A local resident complains that the State government, after having destroyed the natural sand bars at the mouth of the river, has dumped rocks along the shore to stem coastal erosion. But the rocks have not been helpful. Sea water ingress has been a major issue facing farmers in Nagapattinam, as the groundwater has turned saline at many places. About 25 km south of Poompuhar, in Tarangambadi (Tranquebar), much of the Masilamani Nathar Koil, a 14th century Pandiyan-era temple, has been swallowed by the sea.

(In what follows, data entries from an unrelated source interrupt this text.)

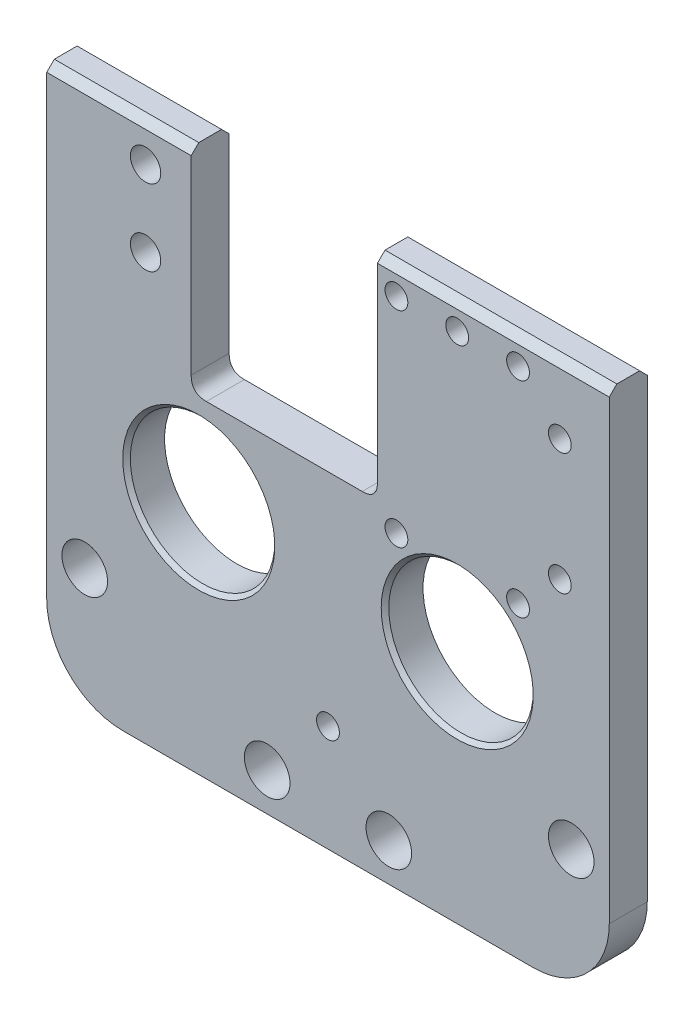
SolidWorks part; units mm, degrees
material "Stop 1060"
ref_plane "Płaszczyzna przednia" through (0, 0, 0) normal (0, 0, 1) x (1, 0, 0)
ref_plane "Płaszczyzna górna" through (0, 0, 0) normal (0, 1, 0) x (1, 0, 0)
ref_plane "Płaszczyzna prawa" through (0, 0, 0) normal (1, 0, 0) x (0, 0, -1)
sketch "Szkic1" plane through (0, 0, 0) normal (0, 0, 1) x (1, 0, 0)
  line L2 (34, 36) -> (34, -35)
  line L3 (34, -35) -> (-20, -35)
  line L6 (-20, -35) -> (-20, 36)
  line L7 (-20, 36) -> (34, 36)
  dimension "D1" = 71
  dimension "D2" = 20
  dimension "D3" = 54
  dimension "D4" = 36
extrude "Dodanie-wyciągnięcie1" add sketch "Szkic1" along normal blind 5
sketch "Szkic2" plane through (0, 0, 5) normal (0, 0, 1) x (1, 0, 0)
  line L1 (-20, 36) -> (3.5, 36)
  line L2 (-20, 36) -> (-20, 8)
  line L3 (-20, 8) -> (3.5, 8)
  line L4 (3.5, 36) -> (3.5, 8)
  dimension "D1" = 28
  dimension "D2" = 23.5
extrude "Wytnij-wyciągnięcie1" cut sketch "Szkic2" against normal blind 5
sketch "Szkic3" plane through (0, 0, 0) normal (0, 0, -1) x (-1, 0, 0)
  line L0 (-3.5, 8) -> (-3.5, 36) construction
  line L1 (-3.5, 30.5) -> (-24.5, 30.5)
  line L2 (-3.5, 30.5) -> (-3.5, 9.5)
  line L3 (-3.5, 9.5) -> (-24.5, 9.5)
  line L4 (-24.5, 30.5) -> (-24.5, 9.5)
  line L5 (-34, 36) -> (-3.5, 36) construction
  dimension "D1" = 5.5
  dimension "D2" = 21
  dimension "D3" = 21
extrude "Wytnij-wyciągnięcie2" cut sketch "Szkic3" against normal blind 3
sketch "Szkic4" plane through (0, 0, 5) normal (0, 0, 1) x (1, 0, 0)
  line L0 (3.5, 8) -> (3.5, 36) construction
  line L1 (34, 36) -> (3.5, 36) construction
  circle A0 centre (6, 32.5) radius 1.5
  circle A1 centre (14, 32.5) radius 1.5
  circle A2 centre (22, 32.5) radius 1.5
  circle A4 centre (22, 5.5) radius 1.5
  circle A5 centre (6, 5.5) radius 1.5
  circle A6 centre (27.5, 27) radius 1.5
  circle A7 centre (27.5, 11) radius 1.5
  circle A8 centre (14, 5.5) radius 1.5 [skipped]
  dimension "D1" = 2.5
  dimension "D2" = 3
  dimension "D4" = 3
  dimension "D6" = 8
  dimension "D8" = 5.5
  dimension "D10" = 3
  dimension "D3" = 3.5
  dimension "D5" = 2
  dimension "D7" = 27
  dimension "D9" = 5.5
  dimension "D11" = 2
extrude "Wytnij-wyciągnięcie3" cut sketch "Szkic4" against normal blind 5
sketch "Szkic5" plane through (0, 0, 5) normal (0, 0, 1) x (1, 0, 0)
  line L1 (-20, 8) -> (-40, 8)
  line L2 (-20, 8) -> (-20, -35)
  line L3 (-20, -35) -> (-40, -35)
  line L4 (-40, 8) -> (-40, -35)
  dimension "D1" = 20
  dimension "D2" = 43
extrude "Dodanie-wyciągnięcie2" add sketch "Szkic5" against normal blind 5
sketch "Szkic6" plane through (0, 0, 5) normal (0, 0, 1) x (1, 0, 0)
  line L0 (-40, 8) -> (-40, -35) construction
  line L1 (-40, 8) -> (3.5, 8) construction
  circle A0 centre (-20, -4) radius 9.5
  circle A1 centre (14, -4) radius 9.5
  dimension "D1" = 20
  dimension "D3" = 19
  dimension "D2" = 12
  dimension "D5" = 34
  dimension "D4" = 2
extrude "Wytnij-wyciągnięcie4" cut sketch "Szkic6" against normal blind 5
sketch "symetria" plane through (0, 0, 5) normal (0, 0, 1) x (1, 0, 0)
  line L0 (-20, -4) -> (14, -4)
  line L1 (-3, -4) -> (-3, -39)
  dimension "D1" = 35
sketch "Szkic7" plane through (0, 0, 5) normal (0, 0, 1) x (1, 0, 0)
  line L0 (-3, -4) -> (-3, -39) construction
  line L1 (-40, -35) -> (34, -35) construction
  line L2 (-3, -36.4153) -> (-3, -30)
  line L3 (-40, 8) -> (-40, -35) construction
  circle A0 centre (5, -30) radius 3
  circle A1 centre (-11, -30) radius 3
  circle A2 centre (-35, -19) radius 3
  circle A3 centre (29, -19) radius 3
  dimension "D1" = 6
  dimension "D4" = 6
  dimension "D2" = 8
  dimension "D3" = 5
  dimension "D5" = 5
  dimension "D6" = 16
extrude "Wytnij-wyciągnięcie5" cut sketch "Szkic7" against normal blind 10 contours A1 | A0 | A2 | A3 region at (5, -30, 5) region at (-11, -30, 5) region at (-35, -19, 5) region at (29, -19, 5)
fillet "Zaokrąglenie3" radius 10 2 edges at (34, -35, 2.5) (-40, -35, 2.5)
sketch "Szkic8" plane through (0, 0, 5) normal (0, 0, 1) x (1, 0, 0)
  line L1 (-40, 8) -> (-21, 8)
  line L2 (-40, 8) -> (-40, 36)
  line L3 (-40, 36) -> (-21, 36)
  line L4 (-21, 8) -> (-21, 36)
  dimension "D1" = 19
  dimension "D2" = 28
extrude "Dodanie-wyciągnięcie3" add sketch "Szkic8" against normal blind 5
fillet "Zaokrąglenie2" radius 2 2 edges at (3.5, 8, 2.5) (-21, 8, 2.5) conic rho 0.5
sketch "Szkic9" plane through (0, 0, 5) normal (0, 0, 1) x (1, 0, 0)
  line L2 (-21, 10) -> (-21, 36) construction
  line L3 (-21, 36) -> (-40, 36) construction
  circle A1 centre (-27, 31) radius 2
  circle A2 centre (-27, 21) radius 2
  dimension "D1" = 6
  dimension "D2" = 6
  dimension "D3" = 4
  dimension "D4" = 4
  dimension "D6" = 10
  dimension "D5" = 5
extrude "Wytnij-wyciągnięcie6" cut sketch "Szkic9" against normal blind 10
chamfer "Sfazowanie2" distance 1 angle 45 4 edges at (18.75, 36, 5) (18.75, 36, 0) (-30.5, 36, 0) (-30.5, 36, 5)
chamfer "Sfazowanie3" distance 0.5 angle 45 2 edges at (-10.5, -4, 5) (23.5, -4, 5)
sketch "Szkic10" plane through (0, 0, 5) normal (0, 0, 1) x (1, 0, 0)
  line L0 (-3, -4) -> (-3, -39) construction
  line L1 (-30, -35) -> (24, -35) construction
  circle A0 centre (-3, -21) radius 1.5
  dimension "D1" = 14
  dimension "D2" = 3
extrude "Wytnij-wyciągnięcie7" cut sketch "Szkic10" against normal blind 10
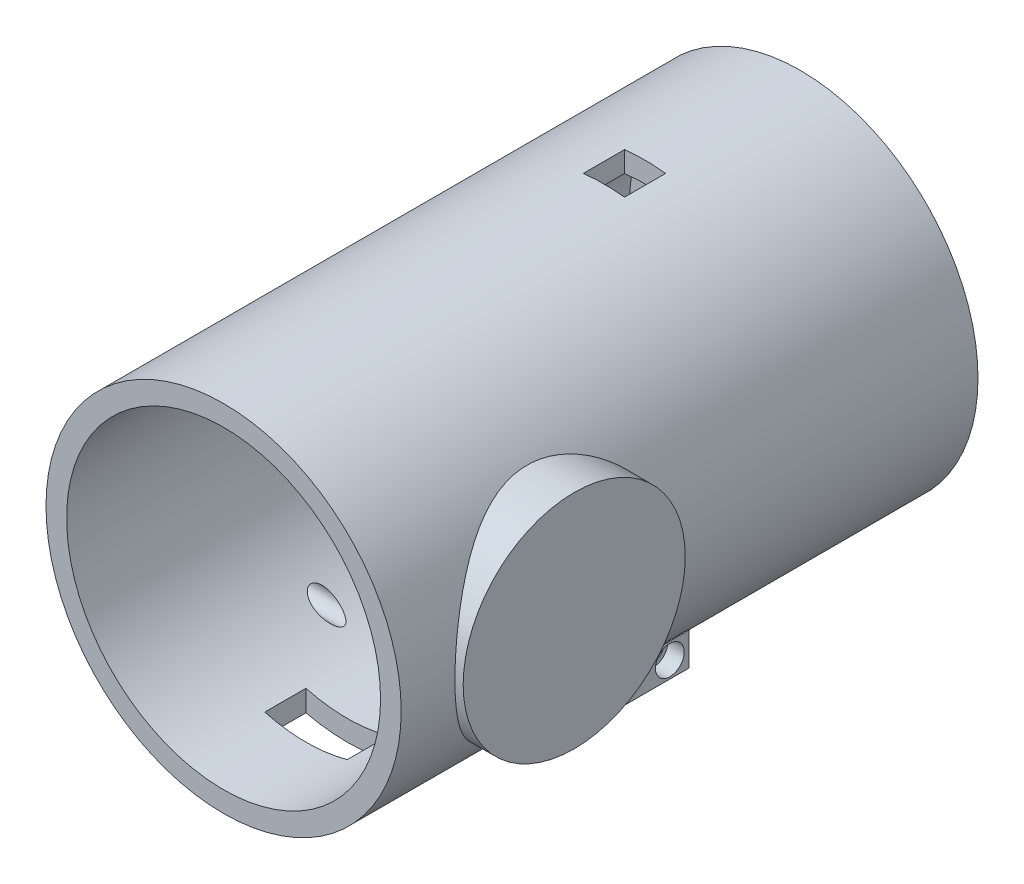
SolidWorks part; units mm, degrees
other "Markup1"
sketch "Sketch14" plane through (-43.1, 43.1, 140) normal (-0.1765, 0.0048, 0.9843) x (0.9842, -0.0149, 0.1765)
other "Markup2"
sketch "Sketch23" plane through (45.1, -43.1, 140) normal (0.9491, -0.0629, 0.3087) x (0.311, 0.031, -0.9499)
ref_plane "Front Plane" through (0, 0, 0) normal (0, 0, 1) x (1, 0, 0)
ref_plane "Top Plane" through (0, 0, 0) normal (0, 1, 0) x (1, 0, 0)
ref_plane "Right Plane" through (0, 0, 0) normal (1, 0, 0) x (0, 0, -1)
sketch "Sketch1" plane through (0, 0, 0) normal (0, 0, 1) x (1, 0, 0)
  circle A1 centre (0, 0) radius 43.1
  dimension "D1" = 86.2
extrude "Main Body" add sketch "Sketch1" along normal blind 140
ref_plane "Plane1" through (0, 43.1, 0) normal (0, 1, 0) x (1, 0, 0)
sketch "Sketch6" plane through (0, 43.1, 0) normal (0, 1, 0) x (1, 0, 0)
  line L2 (-5, -47.7) -> (5, -47.7)
  line L3 (-5, -47.7) -> (-5, -37.7)
  line L4 (-5, -37.7) -> (5, -37.7)
  line L5 (5, -47.7) -> (5, -37.7)
  line L6 (-5, -47.7) -> (5, -37.7) construction
  line L7 (-5, -37.7) -> (5, -47.7) construction
  point P2 (0, -42.7)
  dimension "D2" = 10
  dimension "D1" = 42.7
  dimension "D3" = 10
extrude "Cut-Extrude3" cut sketch "Sketch6" against normal through all
ref_plane "Plane2" through (45.1, 0, 0) normal (1, 0, 0) x (0, 0, -1)
sketch "Sketch8" plane through (45.1, 0, 0) normal (1, 0, 0) x (0, 0, -1)
  circle A0 centre (-100, 0) radius 26.95
  dimension "D1" = 53.9
  dimension "D2" = 100
extrude "Boss-Extrude2" add sketch "Sketch8" against normal blind 20
mirror "Mirror1" [suppressed] about plane through (0, 0, 0) normal (1, 0, 0)
sketch "Sketch5" plane through (0, 0, 140) normal (0, 0, 1) x (1, 0, 0)
  circle A0 centre (0, 0) radius 31.75
  dimension "D1" = 63.5
sketch "Sketch2" plane through (0, 0, 140) normal (0, 0, 1) x (1, 0, 0)
  circle A0 centre (0, 0) radius 38.1
  dimension "D1" = 76.2
extrude "Cut-Extrude4" cut sketch "Sketch5" against normal through all
extrude "Cut-Extrude5" cut sketch "Sketch2" against normal blind 135
sketch "Sketch9" plane through (0, 0, 5) normal (0, 0, 1) x (1, 0, 0)
  circle A0 centre (0, 0) radius 38.1
  circle A1 centre (0, 0) radius 36.44
  dimension "D1" = 76.2
  dimension "D2" = 1.66
extrude "Boss-Extrude3" add sketch "Sketch9" along normal blind 10
sketch "Sketch10" plane through (0, 0, 0) normal (0, 1, 0) x (1, 0, 0)
  line L0 (43.1, 0) -> (-43.1, 0) construction
  line L1 (-10, -120) -> (10, -120)
  line L2 (-10, -120) -> (-10, -110)
  line L3 (-10, -110) -> (10, -110)
  line L4 (10, -120) -> (10, -110)
  line L5 (-10, -120) -> (10, -110) construction
  line L6 (-10, -110) -> (10, -120) construction
  point P0 (0, -115)
  point P7 (-10, -115)
  dimension "D1" = 110
  dimension "D2" = 10
  dimension "D3" = 20
extrude "Motor Wire Hole" cut sketch "Sketch10" against normal through all
ref_plane "Plane3" through (26, 0, 0) normal (1, 0, 0) x (0, 0, -1)
ref_plane "Plane4" through (-26, 0, 0) normal (1, 0, 0) x (0, 0, -1)
sketch "Sketch17" plane through (26, 0, 0) normal (1, 0, 0) x (0, 0, -1)
  line L0 (0, -43.1) -> (0, 43.1) construction
  line L1 (-100, -36) -> (-60, -36)
  line L2 (-100, -36) -> (-100, -28)
  line L3 (-100, -28) -> (-60, -28)
  line L4 (-60, -36) -> (-60, -28)
  dimension "D1" = 60
  dimension "D2" = 40
  dimension "D3" = 28
  dimension "D4" = 8
extrude "Boss-Extrude4" add sketch "Sketch17" along normal blind 7
sketch "Sketch20" plane through (-26, 0, 0) normal (1, 0, 0) x (0, 0, -1)
  line L1 (-60, -28) -> (-100, -28)
  line L2 (-60, -28) -> (-60, -36)
  line L3 (-60, -36) -> (-100, -36)
  line L4 (-100, -28) -> (-100, -36)
  dimension "D1" = 60
  dimension "D2" = 40
  dimension "D3" = 28
  dimension "D4" = 8
extrude "Boss-Extrude5" add sketch "Sketch20" against normal blind 7
sketch "Sketch21" plane through (-26, 0, 0) normal (1, 0, 0) x (0, 0, -1)
  line L0 (-60, -36) -> (-60, -28) construction
  line L1 (-100, -36) -> (-60, -36)
  line L2 (-100, -36) -> (-100, -32)
  line L3 (-100, -32) -> (-60, -32)
  line L4 (-60, -36) -> (-60, -32)
extrude "Boss-Extrude6" add sketch "Sketch21" along normal blind 3
sketch "Sketch22" plane through (26, 0, 0) normal (-1, 0, 0) x (0, 0, 1)
  line L0 (100, -36) -> (100, -28) construction
  line L1 (60, -36) -> (100, -36)
  line L2 (60, -36) -> (60, -32)
  line L3 (60, -32) -> (100, -32)
  line L4 (100, -36) -> (100, -32)
extrude "Boss-Extrude7" add sketch "Sketch22" along normal blind 3
sketch "Sketch11" plane through (0, 0, 0) normal (1, 0, 0) x (0, 0, -1)
  circle A0 centre (-64.7, -32) radius 2.5
  circle A1 centre (-94.7, -32) radius 2.5
  dimension "D3" = 5
  dimension "D1" = 64.7
  dimension "D2" = 32
  dimension "D4" = 30
extrude "Cut-Extrude7" cut sketch "Sketch11" against normal through all both and the other way through all
sketch "Sketch12" plane through (26, 0, 0) normal (1, 0, 0) x (0, 0, -1)
  circle A0 centre (-64.7, -32) radius 3.5
  circle A1 centre (-94.7, -32) radius 3.5
  dimension "D1" = 7
extrude "Cut-Extrude8" [suppressed] cut sketch "Sketch12" along normal through all
sketch "Sketch13" plane through (-26, 0, 0) normal (1, 0, 0) x (0, 0, -1)
  line L0 (-92.6793, -28.5) -> (-96.7207, -28.5)
  line L1 (-62.6793, -28.5) -> (-60.6585, -32)
  line L2 (-60.6585, -32) -> (-62.6793, -35.5)
  line L3 (-62.6793, -35.5) -> (-66.7207, -35.5)
  line L4 (-66.7207, -35.5) -> (-68.7415, -32)
  line L5 (-68.7415, -32) -> (-66.7207, -28.5)
  line L6 (-66.7207, -28.5) -> (-62.6793, -28.5)
  line L7 (-96.7207, -28.5) -> (-98.7415, -32)
  line L8 (-98.7415, -32) -> (-96.7207, -35.5)
  line L9 (-96.7207, -35.5) -> (-92.6793, -35.5)
  line L10 (-92.6793, -35.5) -> (-90.6585, -32)
  line L11 (-90.6585, -32) -> (-92.6793, -28.5)
  circle A0 centre (-94.7, -32) radius 3.5 construction
  circle A1 centre (-64.7, -32) radius 3.5 construction
  dimension "D1" = 7
extrude "Cut-Extrude9" [suppressed] cut sketch "Sketch13" against normal through all
sketch "Sketch25" plane through (-33, 0, 0) normal (-1, 0, 0) x (0, 0, 1)
  line L0 (66.7207, -28.5) -> (62.6793, -28.5)
  line L1 (96.7207, -28.5) -> (98.7415, -32)
  line L2 (98.7415, -32) -> (96.7207, -35.5)
  line L3 (96.7207, -35.5) -> (92.6793, -35.5)
  line L4 (92.6793, -35.5) -> (90.6585, -32)
  line L5 (90.6585, -32) -> (92.6793, -28.5)
  line L6 (92.6793, -28.5) -> (96.7207, -28.5)
  line L7 (62.6793, -28.5) -> (60.6585, -32)
  line L8 (60.6585, -32) -> (62.6793, -35.5)
  line L9 (62.6793, -35.5) -> (66.7207, -35.5)
  line L10 (66.7207, -35.5) -> (68.7415, -32)
  line L11 (68.7415, -32) -> (66.7207, -28.5)
  circle A0 centre (64.7, -32) radius 3.5 construction
  circle A1 centre (94.7, -32) radius 3.5 construction
  circle A2 centre (64.7, -32) radius 2.5 construction
  point P18 (0, 0)
  dimension "D1" = 7
  dimension "D2" = 30
extrude "Cut-Extrude10" cut sketch "Sketch25" against normal blind 3
sketch "Sketch26" plane through (33, 0, 0) normal (1, 0, 0) x (0, 0, -1)
  circle A0 centre (-64.7, -32) radius 3.5
  circle A1 centre (-94.7, -32) radius 3.5
  circle A2 centre (-94.7, -32) radius 2.5 construction
  circle A3 centre (-64.7, -32) radius 2.5 construction
  point P4 (0, 0)
  dimension "D1" = 7
extrude "Cut-Extrude11" cut sketch "Sketch26" against normal blind 4

Kaveripoompattinam was once a busy port city, the capital of the Chola kings, where maritime trade prospered. But today, like the river after which it takes its name, the town is a shadow of its storied past. The Silappadikaram Art Gallery overlooking the Cauvery’s confluence with the sea looks dilapidated. Musical instruments from the past lie silent on dusty shelves. Above the statues of Kannagi and Kovalan, the protagonists of the Tamil epic Silappadikaram , cobwebs dangle from the ceiling. Where a river is on its death bed, the civilisation it birthed also struggles to survive.